Action item: Word for word, restate the records from their first line through the line with "- net JTAG_NSRST_INNER: now also U6.2 (IO2)", both ends included; omit each picture.

◆ ◆ ◆ ◆ ◆ ◆ ◆

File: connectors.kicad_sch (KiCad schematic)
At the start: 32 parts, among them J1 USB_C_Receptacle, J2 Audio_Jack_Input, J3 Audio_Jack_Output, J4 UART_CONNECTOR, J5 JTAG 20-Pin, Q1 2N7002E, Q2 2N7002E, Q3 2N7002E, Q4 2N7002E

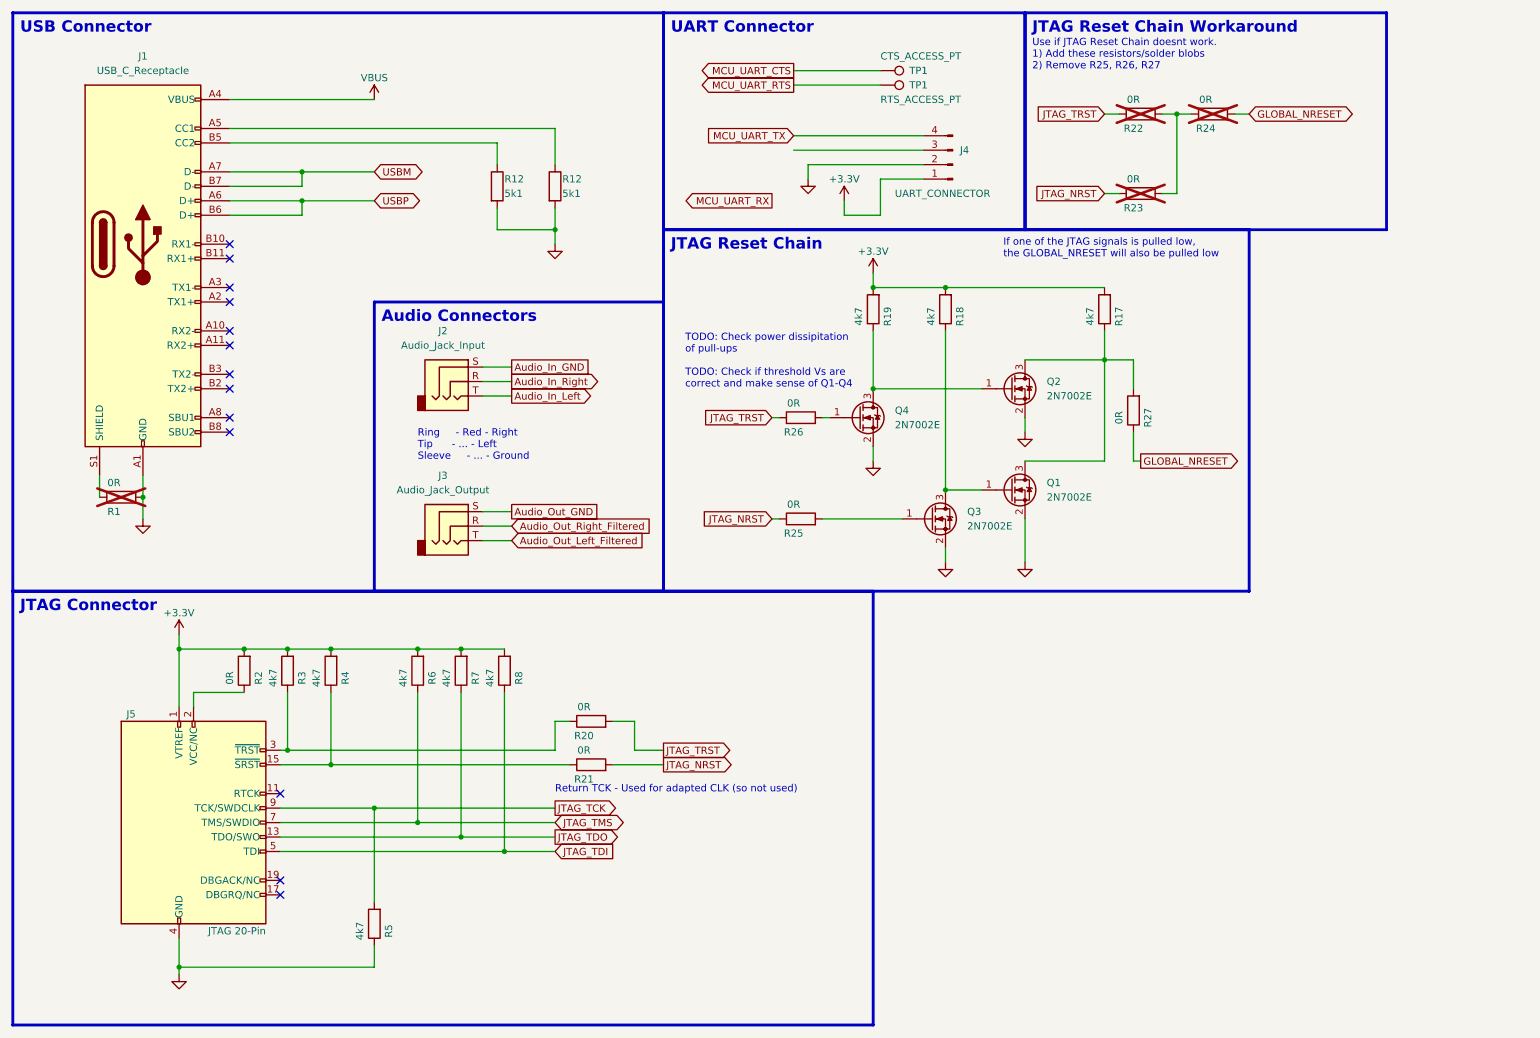
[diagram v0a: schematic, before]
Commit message: Added ESD, updated Footprints, BOM, etc.
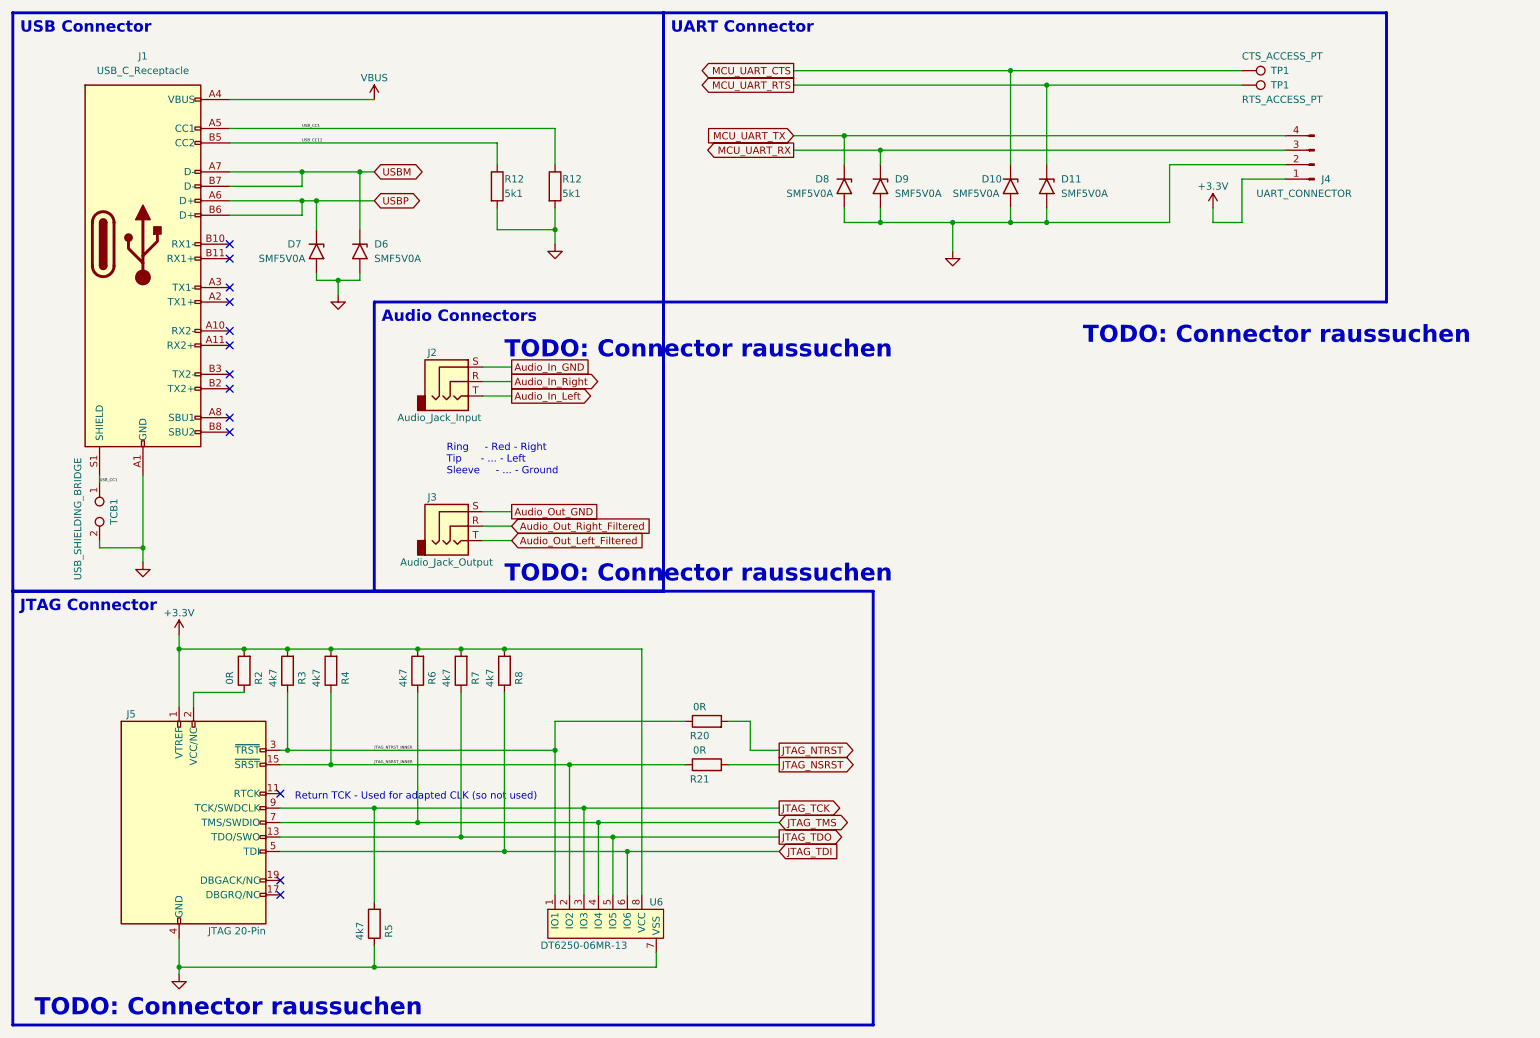
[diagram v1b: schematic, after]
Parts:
- removed Q1, Q2, Q3, Q4: 2N7002E, Package_TO_SOT_SMD:SOT-23, symbol Transistor_FET:2N7002E
- removed R1: 0R, Resistor_SMD:R_0805_2012Metric, symbol Device:R
- removed R17, R18, R19: 4k7, Resistor_SMD:R_0402_1005Metric, symbol Device:R
- removed R22, R23, R24, R25, R26, R27: 0R, Resistor_SMD:R_0402_1005Metric, symbol Device:R
- added D10, D11, D6, D7, D8, D9: SMF5V0A, Diode_SMD:D_SMF, symbol Diode:SMF5V0A
- added TCB1: USB_SHIELDING_BRIDGE, Jumper:SolderJumper-2_P1.3mm_Open_Pad1.0x1.5mm, symbol Connector:TestPoint_2Pole
- added U6: DT6250-06MR-13, Package_SO:MSOP-8_3x3mm_P0.65mm, symbol TimosSymbole:DT6250-06MR-13
- TP1: now left out of the parts list
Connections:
- net +3.3V: now also U6.8 (VCC)
- net GND: now also D10.2 (A2), D11.2 (A2), D6.2 (A2), D7.2 (A2), D8.2 (A2), D9.2 (A2), TCB1.2, U6.7 (VSS)
- net JTAG_TCK: now also U6.3 (IO3)
- net JTAG_TDI: now also U6.6 (IO6)
- net JTAG_TDO: now also U6.5 (IO5)
- net JTAG_TMS: now also U6.4 (IO4)
- net MCU_UART_CTS: now also D10.1 (A1)
- net MCU_UART_RTS: now also D11.1 (A1)
- net MCU_UART_RX: now also J4.3 (Pin_3), D9.1 (A1)
- net MCU_UART_TX: now also D8.1 (A1)
- net USBM: now also D6.1 (A1)
- net USBP: now also D7.1 (A1)
- net USB_CC1: now reaches J1.A5 (CC1), R12.1
- net USB_CC1: now also J1.S1 (SHIELD), TCB1.1
- net USB_CC12: now reaches J1.B5 (CC2), R12.1
- net JTAG_NSRST_INNER: now reaches J5.15 (~{SRST}), R21.1, R4.1
- net JTAG_NSRST_INNER: now also U6.2 (IO2)
- net JTAG_NTRST_INNER: now reaches J5.3 (~{TRST}), R20.1, R3.1
- net JTAG_NTRST_INNER: now also U6.1 (IO1)
- net JTAG_NRST renamed JTAG_NSRST
- net JTAG_TRST renamed JTAG_NTRST
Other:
- note added: "TODO: Connector raussuchen"
- note removed: "If one of the JTAG signals is pulled low, the GLOBAL_NRESET will also be pulled low"
- note removed: "JTAG Reset Chain"
- note removed: "JTAG Reset Chain Workaround"
- note removed: "TODO: Check power dissipitation of pull-ups TODO: Check if threshold Vs are correct and make sense of Q1-Q4"
- note removed: "Use if JTAG Reset Chain doesnt work. 1) Add these resistors/solder blobs 2) Remove R25, R26, R27"
- moved on the sheet: J4, R20, R21, TP1

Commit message: Schematic is done for now, starting layout
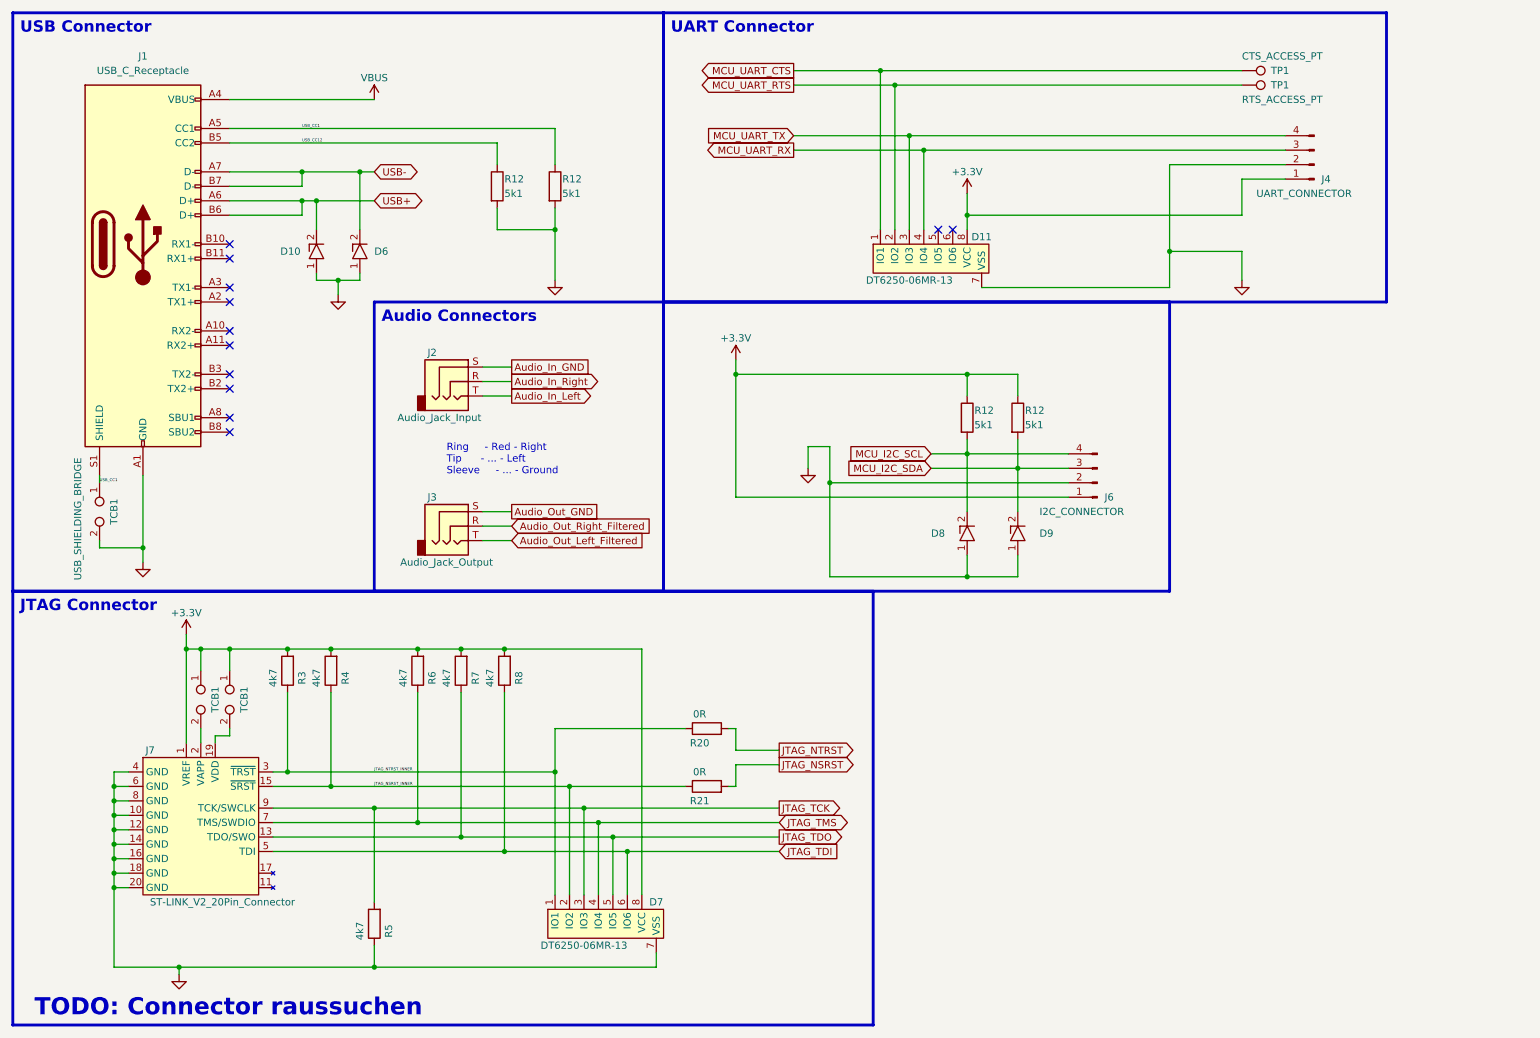
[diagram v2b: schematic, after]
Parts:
- removed D10, D11, D6, D7, D8, D9: SMF5V0A, Diode_SMD:D_SMF, symbol Diode:SMF5V0A
- removed J5: JTAG 20-Pin, Connector_PinHeader_2.54mm:PinHeader_2x10_P2.54mm_Vertical_SMD, symbol Connector:Conn_ARM_JTAG_SWD_20
- removed R2: 0R, Resistor_SMD:R_0805_2012Metric, symbol Device:R
- added D10, D6, D8, D9: TVSA04V05C006, TimosFootprints:TVSA04V05C006, symbol TimosSymbole:TVSA04V05C006
- added D11: DT6250-06MR-13, Package_SO:MSOP-8_3x3mm_P0.65mm, symbol TimosSymbole:DT6250-06MR-13
- added J6: I2C_CONNECTOR, Connector_PinHeader_2.54mm:PinHeader_1x04_P2.54mm_Vertical, symbol Connector:Conn_01x04_Pin
- added J7: ST-LINK_V2_20Pin_Connector, TimosFootprints:ST-LINK_V2_20Pin_Connector, symbol TimosSymbole:ST-LINK_V2_20Pin_Connector
- added R12 (x2): 5k1, Resistor_SMD:R_0603_1608Metric, symbol Device:R
- added TCB1 (x2): ~, Jumper:SolderJumper-2_P1.3mm_Open_Pad1.0x1.5mm, symbol Connector:TestPoint_2Pole
- D7: renamed from U6; Distributor Link (none) -> https://www.mouser.de/ProductDetail/Diodes-Incorporated/DT6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; Manufacturer (none) -> Diodes Incorporated; Manufacturer Number (none) -> DT6250-06MR-13
- J1: Distributor Link (none) -> https://www.mouser.de/ProductDetail/Molex/105450-0101?qs=sG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; Manufacturer (none) -> Molex; Manufacturer Number (none) -> 105450-0101
- J2, J3: Distributor Link (none) -> https://www.mouser.de/ProductDetail/CUI-Devices/SJ-3523-SMT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; Manufacturer (none) -> CUI Devices; Manufacturer Number (none) -> SJ-3523-SMT-TR
- J4: Distributor Link (none) -> https://www.mouser.de/ProductDetail/Harwin/M20-9770446?qs=u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; Manufacturer (none) -> Harwin; Manufacturer Number (none) -> M20-9770446
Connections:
- net +3.3V: now also D11.8 (VCC), J6.1 (Pin_1), J7.1 (VREF), R12.1, R12.1, TCB1.1, TCB1.1
- net GND: now also D10.1, D11.7 (VSS), D6.1, D8.1, D9.1, J6.2 (Pin_2), J7.10 (GND), J7.12 (GND), J7.14 (GND), J7.16 (GND), J7.18 (GND), J7.20 (GND), J7.4 (GND), J7.6 (GND), J7.8 (GND)
- net JTAG_NSRST_INNER: now also J7.15 (~{SRST})
- net JTAG_NTRST_INNER: now also J7.3 (~{TRST})
- net JTAG_TCK: now also J7.9 (TCK/SWCLK)
- net JTAG_TDI: now also J7.5 (TDI)
- net JTAG_TDO: now also J7.13 (TDO/SWO)
- net JTAG_TMS: now also J7.7 (TMS/SWDIO)
- net MCU_UART_CTS: now also D11.1 (IO1)
- net MCU_UART_RTS: now also D11.2 (IO2)
- net MCU_UART_RX: now also D11.4 (IO4)
- net MCU_UART_TX: now also D11.3 (IO3)
- net USBM renamed USB-
- net USB-: now also D6.2
- net USBP renamed USB+
- net USB+: now also D10.2
- new net: J7.2 (VAPP), TCB1.2
- new net: J7.19 (VDD), TCB1.2
- new net MCU_I2C_SCL: D8.2, J6.4 (Pin_4), R12.2
- new net MCU_I2C_SDA: D9.2, J6.3 (Pin_3), R12.2
- no-connect marks 13 -> 12
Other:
- note removed: "Return TCK - Used for adapted CLK (so not used)"
- moved on the sheet: R20, R21

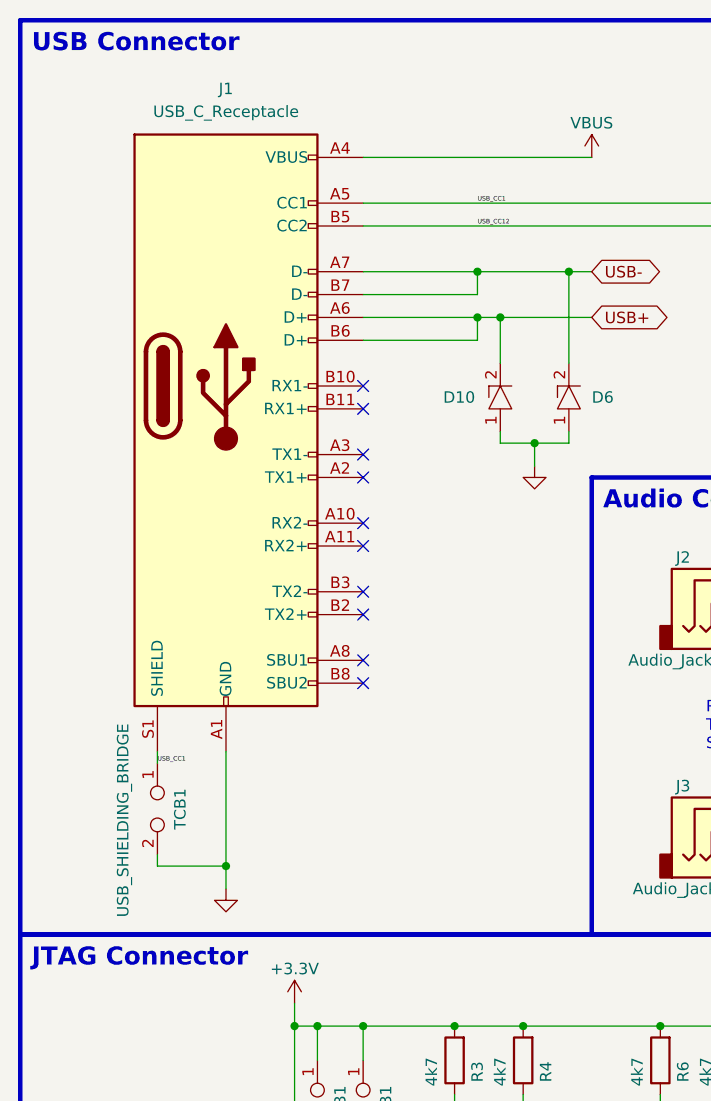
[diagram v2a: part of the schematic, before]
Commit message: Layout done, footprints mostly assigned, 3D models assigned if not annoying to get. Few TODOs left and they are marked on the PCB.
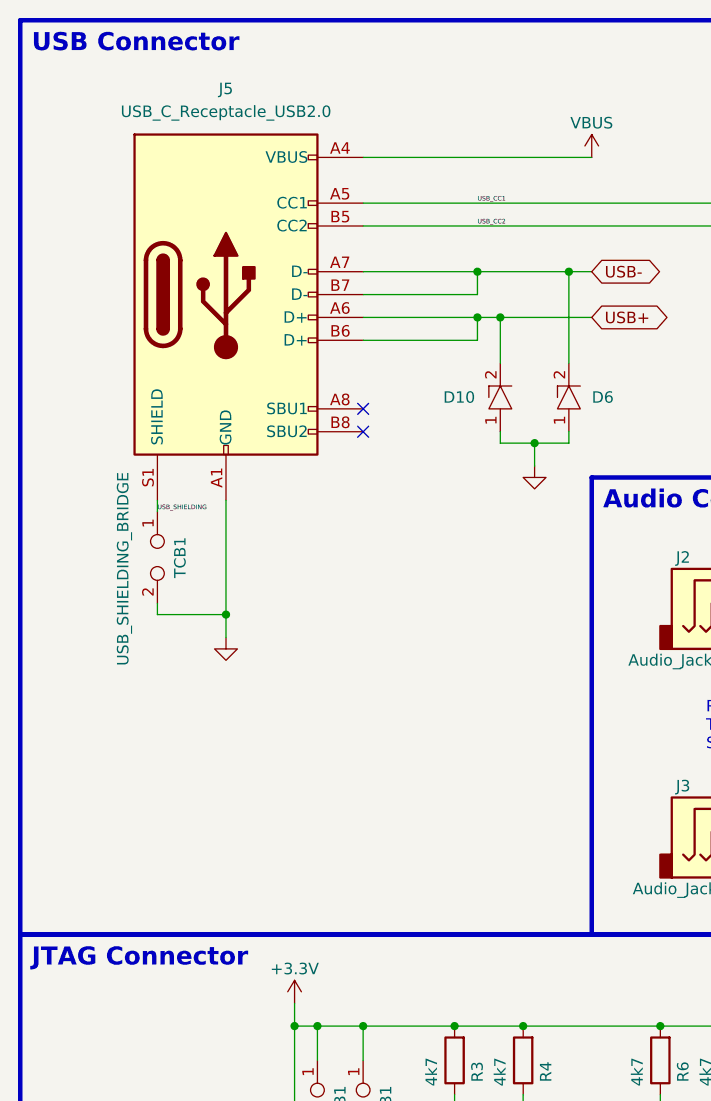
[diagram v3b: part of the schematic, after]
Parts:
- removed J1: USB_C_Receptacle, Connector_USB:USB_C_Receptacle_Molex_105450-0101, symbol Connector:USB_C_Receptacle
- added J5: USB_C_Receptacle_USB2.0, Connector_USB:USB_C_Receptacle_GCT_USB4105-xx-A_16P_TopMnt_Horizontal, symbol Connector:USB_C_Receptacle_USB2.0
- D11, D7: MFN DT6250-06MR-13 -> (none)
- J7: Distributor Link (none) -> https://www.mouser.de/ProductDetail/Molex/70246-2004?qs=sGA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; Manufacturer (none) -> Molex; Manufacturer Number (none) -> 70246-2004
- R12: footprint Resistor_SMD:R_0603_1608Metric -> Resistor_SMD:R_0402_1005Metric
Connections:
- net GND: now also J5.A1 (GND), J5.A12 (GND), J5.B1 (GND), J5.B12 (GND)
- net USB+: now also J5.A6 (D+), J5.B6 (D+)
- net USB-: now also J5.A7 (D-), J5.B7 (D-)
- net USB_CC1: now also J5.A5 (CC1); no longer TCB1.1
- net VBUS: now also J5.A4 (VBUS), J5.A9 (VBUS), J5.B4 (VBUS), J5.B9 (VBUS)
- net USB_CC12 renamed USB_CC2
- net USB_CC2: now also J5.B5 (CC2)
- new net USB_SHIELDING: J5.S1 (SHIELD), TCB1.1
- no-connect marks 12 -> 4
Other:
- moved on the sheet: TCB1

◆ ◆ ◆ ◆ ◆ ◆ ◆

Your response:
File: connectors.kicad_sch (KiCad schematic)
At the start: 32 parts, among them J1 USB_C_Receptacle, J2 Audio_Jack_Input, J3 Audio_Jack_Output, J4 UART_CONNECTOR, J5 JTAG 20-Pin, Q1 2N7002E, Q2 2N7002E, Q3 2N7002E, Q4 2N7002E

[diagram v0a: schematic, before]
Commit message: Added ESD, updated Footprints, BOM, etc.
[diagram v1b: schematic, after]
Parts:
- removed Q1, Q2, Q3, Q4: 2N7002E, Package_TO_SOT_SMD:SOT-23, symbol Transistor_FET:2N7002E
- removed R1: 0R, Resistor_SMD:R_0805_2012Metric, symbol Device:R
- removed R17, R18, R19: 4k7, Resistor_SMD:R_0402_1005Metric, symbol Device:R
- removed R22, R23, R24, R25, R26, R27: 0R, Resistor_SMD:R_0402_1005Metric, symbol Device:R
- added D10, D11, D6, D7, D8, D9: SMF5V0A, Diode_SMD:D_SMF, symbol Diode:SMF5V0A
- added TCB1: USB_SHIELDING_BRIDGE, Jumper:SolderJumper-2_P1.3mm_Open_Pad1.0x1.5mm, symbol Connector:TestPoint_2Pole
- added U6: DT6250-06MR-13, Package_SO:MSOP-8_3x3mm_P0.65mm, symbol TimosSymbole:DT6250-06MR-13
- TP1: now left out of the parts list
Connections:
- net +3.3V: now also U6.8 (VCC)
- net GND: now also D10.2 (A2), D11.2 (A2), D6.2 (A2), D7.2 (A2), D8.2 (A2), D9.2 (A2), TCB1.2, U6.7 (VSS)
- net JTAG_TCK: now also U6.3 (IO3)
- net JTAG_TDI: now also U6.6 (IO6)
- net JTAG_TDO: now also U6.5 (IO5)
- net JTAG_TMS: now also U6.4 (IO4)
- net MCU_UART_CTS: now also D10.1 (A1)
- net MCU_UART_RTS: now also D11.1 (A1)
- net MCU_UART_RX: now also J4.3 (Pin_3), D9.1 (A1)
- net MCU_UART_TX: now also D8.1 (A1)
- net USBM: now also D6.1 (A1)
- net USBP: now also D7.1 (A1)
- net USB_CC1: now reaches J1.A5 (CC1), R12.1
- net USB_CC1: now also J1.S1 (SHIELD), TCB1.1
- net USB_CC12: now reaches J1.B5 (CC2), R12.1
- net JTAG_NSRST_INNER: now reaches J5.15 (~{SRST}), R21.1, R4.1
- net JTAG_NSRST_INNER: now also U6.2 (IO2)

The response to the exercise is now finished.